Inguinal metastases in patients affected by anal cancer are an independent prognostic factor for local failure and overall mortality. Since 2001, sentinel lymph node biopsy was applied in these patients. This original study reports an update of personal and previous published series, which were compared with Literature to value the incidence of inguinal metastases T-stage related and the overall incidence of false negative inguinal metastases at sentinel node.

METHODS

In all, 63 patients diagnosed with anal cancer submitted to inguinal sentinel node. Furthermore a research in the Pub Med database was performed to find papers regarding this technique.

RESULTS

In our series, detection rate was 98.4%. Inguinal metastases were evidentiated in 13 patients (20.6%). Our median follow-up was 35 months. In our series, no false negative nodes were observed.

CONCLUSION

Sentinel node technique in the detection of inguinal metastases in patients affected by anal cancer should be considered as a standard of care.
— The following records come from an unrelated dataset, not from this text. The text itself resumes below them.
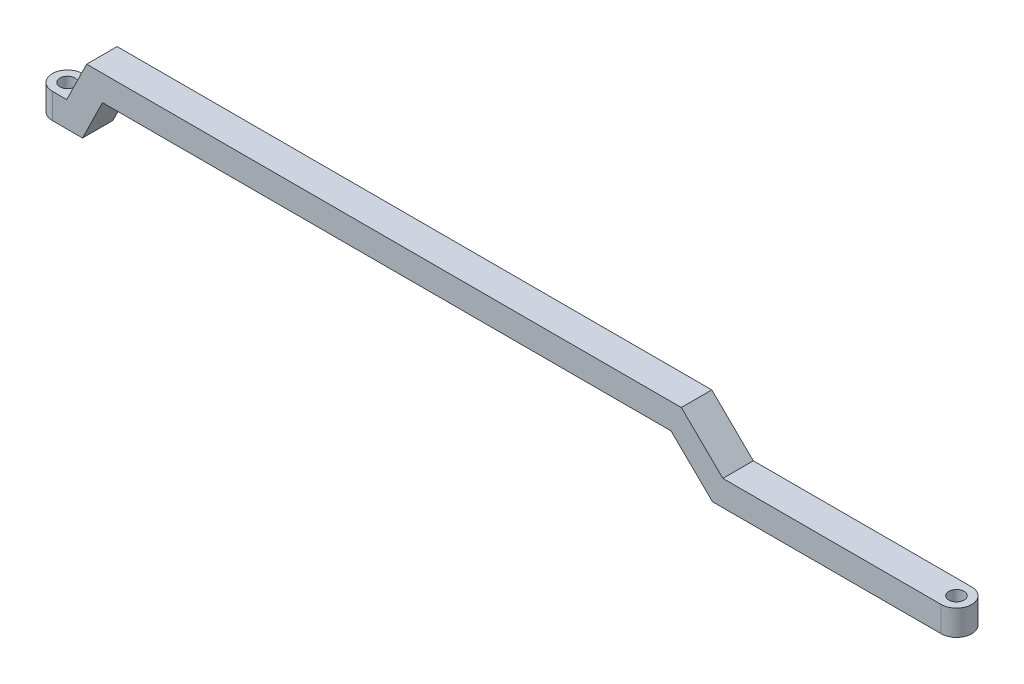
SolidWorks part; units mm, degrees
ref_plane "Alzado" through (0, 0, 0) normal (0, 0, 1) x (1, 0, 0)
ref_plane "Planta" through (0, 0, 0) normal (0, 1, 0) x (1, 0, 0)
ref_plane "Vista lateral" through (0, 0, 0) normal (1, 0, 0) x (0, 0, -1)
sketch "Croquis1" plane through (0, 0, 0) normal (0, 1, 0) x (1, 0, 0)
  line L0 (175, 3) -> (0, 3)
  line L1 (0, -3) -> (175, -3)
  circle A0 centre (0, 0) radius 1.5
  circle A1 centre (175, 0) radius 1.5
  arc A2 (175, -3) -> (175, 3) centre (175, 0) ccw
  arc A3 (0, 3) -> (0, -3) centre (0, 0) ccw
  dimension "D1" = 3
  dimension "D2" = 3
  dimension "D4" = 6
  dimension "D5" = 6
  dimension "D3" = 175
extrude "Saliente-Extruir1" add sketch "Croquis1" along normal blind 5
sketch "Croquis2" plane through (0, 0, -3) normal (0, 0, -1) x (-1, 0, 0)
  line L0 (-132.007, 5) -> (-123.8305, 13)
  line L1 (-175, 5) -> (0, 5) construction
  line L2 (-123.8305, 13) -> (-6.7652, 13)
  line L3 (-6.7652, 13) -> (-2.8406, 5)
  line L5 (-120, 5) -> (-2.8406, 5)
  line L10 (-120, 5) -> (-132.007, 5)
  point P9 (-61.4203, 5)
  dimension "D1" = 120
  dimension "D2" = 8
extrude "Saliente-Extruir2" add sketch "Croquis2" against normal blind 6
sketch "Croquis4" plane through (0, 0, -3) normal (0, 0, -1) x (-1, 0, 0)
  line L2 (-2.8406, 5) -> (-6.7652, 13) construction
  line L4 (-9.8816, 8) -> (-3.1088, -5.8061)
  line L5 (-3.1088, -5.8061) -> (-63.3385, -7.2804)
  line L7 (-121.7913, 8) -> (-136.266, -6.1623)
  line L8 (-136.266, -6.1623) -> (-63.3385, -7.2804)
  line L9 (-123.8305, 13) -> (-132.007, 5) construction
  line L10 (-9.8816, 8) -> (-121.7913, 8)
  line L11 (-6.7652, 13) -> (-123.8305, 13) construction
  dimension "D1" = 5
  dimension "D2" = 5
  dimension "D3" = 5
extrude "Cortar-Extruir2" cut sketch "Croquis4" against normal blind 22

It is indicated for all T stages in order to select patients to be submitted to inguinal radiotherapy, avoiding related morbidity in negative ones. An overall 3.7% rate of false negative must be considered acceptable.

摘要

背景

在患有肛门癌的患者中,腹股沟转移是局部失败和总死亡率的独立预后因素。自 2001 年以来,前哨淋巴结活检已应用于这些患者。本研究报告了个人和以前发表的系列的更新,将其与文献进行比较,以评估与 T 分期相关的腹股沟转移的发生率和前哨淋巴结中腹股沟转移的总假阴性率。

方法

共有 63 例诊断为肛门癌的患者接受了腹股沟前哨淋巴结活检。此外,还在 Pub Med 数据库中进行了一项研究,以查找有关该技术的论文。

结果

在我们的系列中,检测率为 98.4%。13 例(20.6%)患者出现腹股沟转移。我们的中位随访时间为 35 个月。在我们的系列中,未观察到假阴性淋巴结。

结论

对于患有肛门癌的患者,前哨淋巴结技术检测腹股沟转移应被视为一种标准的治疗方法。它适用于所有 T 分期,以便选择需要接受腹股沟放疗的患者,避免在阴性患者中出现相关的发病率。总的 3.7%的假阴性率是可以接受的。